Legal advocates argue the burden of proof has had real-world consequences for older job seekers. Laurie McCann, a senior attorney at AARP Foundation Litigation, has testified before the House Education and Labor Committee that the Gross decision has resulted in significant harm to older workers challenging age discrimination, requiring them to prove not just that age discrimination was a motivating factor in their treatment but that it was the decisive, “but-for” cause of an employer’s conduct.
Legislative proposals to restore a mixed-motive standard for age claims have been introduced in multiple sessions of Congress, most recently through versions of the Protecting Older Workers Against Discrimination Act, including S. 1690 and H.R. 3289 in the 118th Congress. None have advanced to a floor vote in either chamber, despite bipartisan support in some sessions.
Where this leaves workers over 40
Until the legal standard shifts, older workers alleging hiring discrimination will continue to face a higher evidentiary burden than plaintiffs bringing comparable race or sex claims. The EEOC’s own data suggests that gap is not closing on its own. Meanwhile, the labor force is aging. The Bureau of Labor Statistics’ 2024-2034 Employment Projections, released in September 2025, project that workers ages 55 and older will continue to make up a substantial share of the U.S. workforce through 2034, even as overall labor force participation declines slightly over the decade. The demographic shift means more older Americans facing hiring barriers, not fewer.

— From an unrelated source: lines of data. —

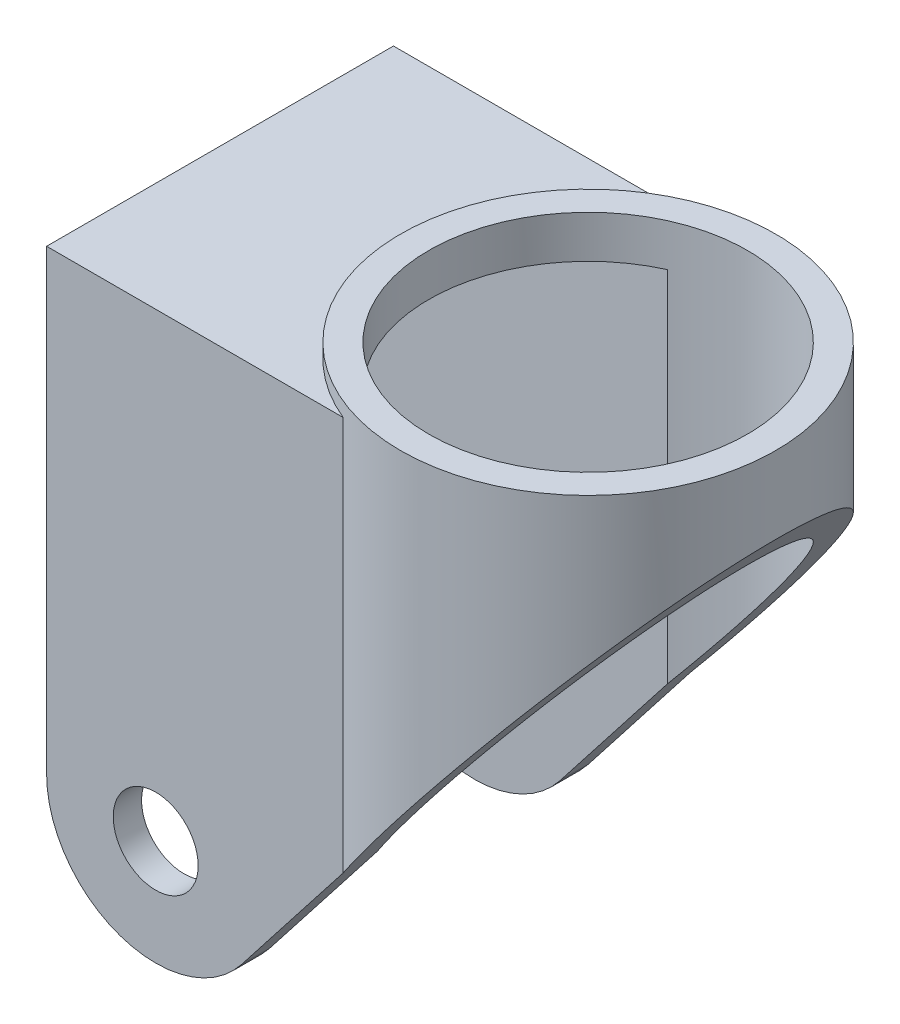
ISO-10303-21;
HEADER;
FILE_DESCRIPTION(('STEP AP214'),'2;1');
FILE_NAME('part.step','',(''),(''),'','','');
FILE_SCHEMA(('AUTOMOTIVE_DESIGN { 1 0 10303 214 1 1 1 1 }'));
ENDSEC;
DATA;
#1=APPLICATION_CONTEXT('core data for automotive mechanical design processes');
#2=APPLICATION_PROTOCOL_DEFINITION('international standard','automotive_design',2000,#1);
#3=PRODUCT_CONTEXT('',#1,'mechanical');
#4=PRODUCT('Part','Part','',(#3));
#5=PRODUCT_RELATED_PRODUCT_CATEGORY('part','',(#4));
#6=PRODUCT_DEFINITION_FORMATION('','',#4);
#7=PRODUCT_DEFINITION_CONTEXT('part definition',#1,'design');
#8=PRODUCT_DEFINITION('design','',#6,#7);
#9=PRODUCT_DEFINITION_SHAPE('','',#8);
#10=(LENGTH_UNIT() NAMED_UNIT(*) SI_UNIT(.MILLI.,.METRE.));
#11=(NAMED_UNIT(*) PLANE_ANGLE_UNIT() SI_UNIT($,.RADIAN.));
#12=(NAMED_UNIT(*) SI_UNIT($,.STERADIAN.) SOLID_ANGLE_UNIT());
#13=UNCERTAINTY_MEASURE_WITH_UNIT(LENGTH_MEASURE(1.E-05),#10,'distance_accuracy_value','');
#14=(GEOMETRIC_REPRESENTATION_CONTEXT(3) GLOBAL_UNCERTAINTY_ASSIGNED_CONTEXT((#13)) GLOBAL_UNIT_ASSIGNED_CONTEXT((#10,
#11,#12)) REPRESENTATION_CONTEXT('',''));
#15=CARTESIAN_POINT('',(0.,0.,0.));
#16=DIRECTION('',(0.,0.,1.));
#17=DIRECTION('',(1.,0.,0.));
#18=AXIS2_PLACEMENT_3D('',#15,#16,#17);
#19=CARTESIAN_POINT('',(-36.5900385910955,15.4099614089045,20.5));
#20=DIRECTION('',(0.,0.,1.));
#21=DIRECTION('',(1.,0.,0.));
#22=AXIS2_PLACEMENT_3D('',#19,#20,#21);
#23=CYLINDRICAL_SURFACE('',#22,15.4099614089045);
#24=DIRECTION('',(0.,0.,1.));
#25=VECTOR('',#24,1.);
#26=CARTESIAN_POINT('',(-52.,15.4099614089045,24.5));
#27=LINE('',#26,#25);
#28=CARTESIAN_POINT('',(-52.,15.4099614089045,20.5));
#29=VERTEX_POINT('',#28);
#30=CARTESIAN_POINT('',(-52.,15.4099614089045,24.5));
#31=VERTEX_POINT('',#30);
#32=EDGE_CURVE('E206',#29,#31,#27,.T.);
#33=ORIENTED_EDGE('',*,*,#32,.F.);
#34=CARTESIAN_POINT('',(-36.5900385910955,15.4099614089045,20.4999999999968));
#35=DIRECTION('',(-2.10034980860577E-13,0.,-1.));
#36=DIRECTION('',(-1.,0.,2.10034980860577E-13));
#37=AXIS2_PLACEMENT_3D('',#34,#35,#36);
#38=CIRCLE('',#37,15.4099614089045);
#39=CARTESIAN_POINT('',(-24.4468232882142,5.92264183318687,20.4999999999942));
#40=VERTEX_POINT('',#39);
#41=EDGE_CURVE('E53',#40,#29,#38,.T.);
#42=ORIENTED_EDGE('',*,*,#41,.F.);
#43=DIRECTION('',(0.,0.,-1.));
#44=VECTOR('',#43,1.);
#45=CARTESIAN_POINT('',(-24.4468232882142,5.92264183318687,20.5));
#46=LINE('',#45,#44);
#47=CARTESIAN_POINT('',(-24.4468232882142,5.92264183318687,24.4999999999942));
#48=VERTEX_POINT('',#47);
#49=EDGE_CURVE('E209',#48,#40,#46,.T.);
#50=ORIENTED_EDGE('',*,*,#49,.F.);
#51=CARTESIAN_POINT('',(-36.5900385910955,15.4099614089045,24.4999999999968));
#52=DIRECTION('',(-2.10034980860577E-13,0.,-1.));
#53=DIRECTION('',(-1.,0.,2.10034980860577E-13));
#54=AXIS2_PLACEMENT_3D('',#51,#52,#53);
#55=CIRCLE('',#54,15.4099614089045);
#56=EDGE_CURVE('E12',#31,#48,#55,.F.);
#57=ORIENTED_EDGE('',*,*,#56,.F.);
#58=EDGE_LOOP('',(#33,#42,#50,#57));
#59=FACE_BOUND('',#58,.T.);
#60=ADVANCED_FACE('F44',(#59),#23,.T.);
#61=CARTESIAN_POINT('',(-36.5900385910955,15.4099614089045,-20.5000000000109));
#62=DIRECTION('',(0.,0.,-1.));
#63=DIRECTION('',(-1.,0.,0.));
#64=AXIS2_PLACEMENT_3D('',#61,#62,#63);
#65=CYLINDRICAL_SURFACE('',#64,15.4099614089045);
#66=DIRECTION('',(0.,0.,1.));
#67=VECTOR('',#66,1.);
#68=CARTESIAN_POINT('',(-24.4468232882142,5.92264183318688,-20.5000000000109));
#69=LINE('',#68,#67);
#70=CARTESIAN_POINT('',(-24.4468232882142,5.92264183318687,-20.5000000000109));
#71=VERTEX_POINT('',#70);
#72=CARTESIAN_POINT('',(-24.4468232882142,5.92264183318687,-24.5000000000109));
#73=VERTEX_POINT('',#72);
#74=EDGE_CURVE('E130',#71,#73,#69,.F.);
#75=ORIENTED_EDGE('',*,*,#74,.F.);
#76=CARTESIAN_POINT('',(-36.5900385910955,15.4099614089045,-20.5000000000109));
#77=DIRECTION('',(0.,0.,1.));
#78=DIRECTION('',(1.,0.,0.));
#79=AXIS2_PLACEMENT_3D('',#76,#77,#78);
#80=CIRCLE('',#79,15.4099614089045);
#81=CARTESIAN_POINT('',(-52.,15.4099614089045,-20.5000000000109));
#82=VERTEX_POINT('',#81);
#83=EDGE_CURVE('E202',#82,#71,#80,.T.);
#84=ORIENTED_EDGE('',*,*,#83,.F.);
#85=DIRECTION('',(0.,0.,-1.));
#86=VECTOR('',#85,1.);
#87=CARTESIAN_POINT('',(-52.,15.4099614089045,24.5));
#88=LINE('',#87,#86);
#89=CARTESIAN_POINT('',(-52.,15.4099614089045,-24.5000000000109));
#90=VERTEX_POINT('',#89);
#91=EDGE_CURVE('E199',#90,#82,#88,.F.);
#92=ORIENTED_EDGE('',*,*,#91,.F.);
#93=CARTESIAN_POINT('',(-36.5900385910955,15.4099614089045,-24.5000000000109));
#94=DIRECTION('',(0.,0.,1.));
#95=DIRECTION('',(1.,0.,0.));
#96=AXIS2_PLACEMENT_3D('',#93,#94,#95);
#97=CIRCLE('',#96,15.4099614089045);
#98=EDGE_CURVE('E204',#73,#90,#97,.F.);
#99=ORIENTED_EDGE('',*,*,#98,.F.);
#100=EDGE_LOOP('',(#75,#84,#92,#99));
#101=FACE_BOUND('',#100,.T.);
#102=ADVANCED_FACE('F238',(#101),#65,.T.);
#103=CARTESIAN_POINT('',(0.,82.,0.));
#104=DIRECTION('',(0.,-1.,0.));
#105=DIRECTION('',(0.,0.,-1.));
#106=AXIS2_PLACEMENT_3D('',#103,#104,#105);
#107=CYLINDRICAL_SURFACE('',#106,22.5);
#108=DIRECTION('',(0.,-1.,0.));
#109=VECTOR('',#108,1.);
#110=CARTESIAN_POINT('',(-9.2736184954716,76.,-20.5000000000109));
#111=LINE('',#110,#109);
#112=CARTESIAN_POINT('',(-9.2736184954716,76.,-20.5000000000109));
#113=VERTEX_POINT('',#112);
#114=CARTESIAN_POINT('',(-9.2736184954716,25.3434583412096,-20.5000000000109));
#115=VERTEX_POINT('',#114);
#116=EDGE_CURVE('E147',#113,#115,#111,.T.);
#117=ORIENTED_EDGE('',*,*,#116,.T.);
#118=CARTESIAN_POINT('',(0.,37.2131487346395,0.));
#119=DIRECTION('',(0.788010753606721,-0.615661475325659,0.));
#120=DIRECTION('',(-0.615661475325659,-0.788010753606721,0.));
#121=AXIS2_PLACEMENT_3D('',#118,#119,#120);
#122=ELLIPSE('',#121,36.5460580233617,22.5);
#123=CARTESIAN_POINT('',(-9.27361849551552,25.3434583411534,20.499999999991));
#124=VERTEX_POINT('',#123);
#125=EDGE_CURVE('E146',#115,#124,#122,.T.);
#126=ORIENTED_EDGE('',*,*,#125,.T.);
#127=DIRECTION('',(0.,-1.,0.));
#128=VECTOR('',#127,1.);
#129=CARTESIAN_POINT('',(-9.27361849551552,25.3434583411534,20.499999999991));
#130=LINE('',#129,#128);
#131=CARTESIAN_POINT('',(-9.27361849551553,76.,20.499999999991));
#132=VERTEX_POINT('',#131);
#133=EDGE_CURVE('E137',#124,#132,#130,.F.);
#134=ORIENTED_EDGE('',*,*,#133,.T.);
#135=CARTESIAN_POINT('',(0.,76.,0.));
#136=DIRECTION('',(0.,-1.,0.));
#137=DIRECTION('',(0.,0.,-1.));
#138=AXIS2_PLACEMENT_3D('',#135,#136,#137);
#139=CIRCLE('',#138,22.5);
#140=EDGE_CURVE('E119',#132,#113,#139,.T.);
#141=ORIENTED_EDGE('',*,*,#140,.T.);
#142=EDGE_LOOP('',(#117,#126,#134,#141));
#143=FACE_BOUND('',#142,.T.);
#144=CARTESIAN_POINT('',(0.,82.,0.));
#145=DIRECTION('',(0.,1.,0.));
#146=DIRECTION('',(0.,0.,1.));
#147=AXIS2_PLACEMENT_3D('',#144,#145,#146);
#148=CIRCLE('',#147,22.5);
#149=CARTESIAN_POINT('',(0.,82.,22.5));
#150=VERTEX_POINT('',#149);
#151=EDGE_CURVE('E189',#150,#150,#148,.T.);
#152=ORIENTED_EDGE('',*,*,#151,.T.);
#153=EDGE_LOOP('',(#152));
#154=FACE_BOUND('',#153,.T.);
#155=ADVANCED_FACE('F143',(#143,#154),#107,.F.);
#156=CARTESIAN_POINT('',(0.,82.,0.));
#157=DIRECTION('',(0.,-1.,0.));
#158=DIRECTION('',(0.,0.,-1.));
#159=AXIS2_PLACEMENT_3D('',#156,#157,#158);
#160=CYLINDRICAL_SURFACE('',#159,26.5);
#161=CARTESIAN_POINT('',(0.,82.,0.));
#162=DIRECTION('',(0.,1.,0.));
#163=DIRECTION('',(0.,0.,1.));
#164=AXIS2_PLACEMENT_3D('',#161,#162,#163);
#165=CIRCLE('',#164,26.5);
#166=CARTESIAN_POINT('',(0.,82.,26.5));
#167=VERTEX_POINT('',#166);
#168=EDGE_CURVE('E192',#167,#167,#165,.T.);
#169=ORIENTED_EDGE('',*,*,#168,.F.);
#170=EDGE_LOOP('',(#169));
#171=FACE_BOUND('',#170,.T.);
#172=CARTESIAN_POINT('',(0.,37.2131487346395,0.));
#173=DIRECTION('',(0.788010753606721,-0.615661475325659,0.));
#174=DIRECTION('',(-0.615661475325659,-0.788010753606721,0.));
#175=AXIS2_PLACEMENT_3D('',#172,#173,#174);
#176=ELLIPSE('',#175,43.0431350052927,26.5);
#177=CARTESIAN_POINT('',(-10.0995049383356,24.2863718995241,-24.5000000000109));
#178=VERTEX_POINT('',#177);
#179=CARTESIAN_POINT('',(-10.0995049383834,24.286371899463,24.4999999999912));
#180=VERTEX_POINT('',#179);
#181=EDGE_CURVE('E166',#178,#180,#176,.T.);
#182=ORIENTED_EDGE('',*,*,#181,.F.);
#183=DIRECTION('',(0.,-1.,0.));
#184=VECTOR('',#183,1.);
#185=CARTESIAN_POINT('',(-10.0995049383356,82.,-24.5000000000109));
#186=LINE('',#185,#184);
#187=CARTESIAN_POINT('',(-10.0995049383356,80.,-24.5000000000109));
#188=VERTEX_POINT('',#187);
#189=EDGE_CURVE('E186',#188,#178,#186,.T.);
#190=ORIENTED_EDGE('',*,*,#189,.F.);
#191=CARTESIAN_POINT('',(0.,80.,0.));
#192=DIRECTION('',(0.,-1.,0.));
#193=DIRECTION('',(0.,0.,-1.));
#194=AXIS2_PLACEMENT_3D('',#191,#192,#193);
#195=CIRCLE('',#194,26.5);
#196=CARTESIAN_POINT('',(-10.0995049383834,80.,24.4999999999912));
#197=VERTEX_POINT('',#196);
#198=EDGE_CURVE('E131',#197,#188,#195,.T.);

Some states have moved to fill the gap. New York’s Human Rights Law applies to employers with four or more employees and has been interpreted to allow mixed-motive age claims that federal law forecloses. California’s Fair Employment and Housing Act applies to employers with five or more employees and provides broader remedies than ADEA. Several other states, including New Jersey and Illinois, have similar provisions. Whether those state-level efforts translate into measurably better outcomes for older job seekers is a question researchers are only beginning to answer.
For older workers like Michael Gartland facing the patterns the data documents, the question is not whether age discrimination in hiring is real, as federal data, peer-reviewed research, and active litigation all confirm that it is. The question is what the legal system, employers, and the labor market will do about it. Until the evidentiary standard shifts or enforcement reaches the patterns at scale, the numbers suggest the answer will continue to fall short of what older job seekers are asking for: a chance to be evaluated on what they can do, not on what year they were born.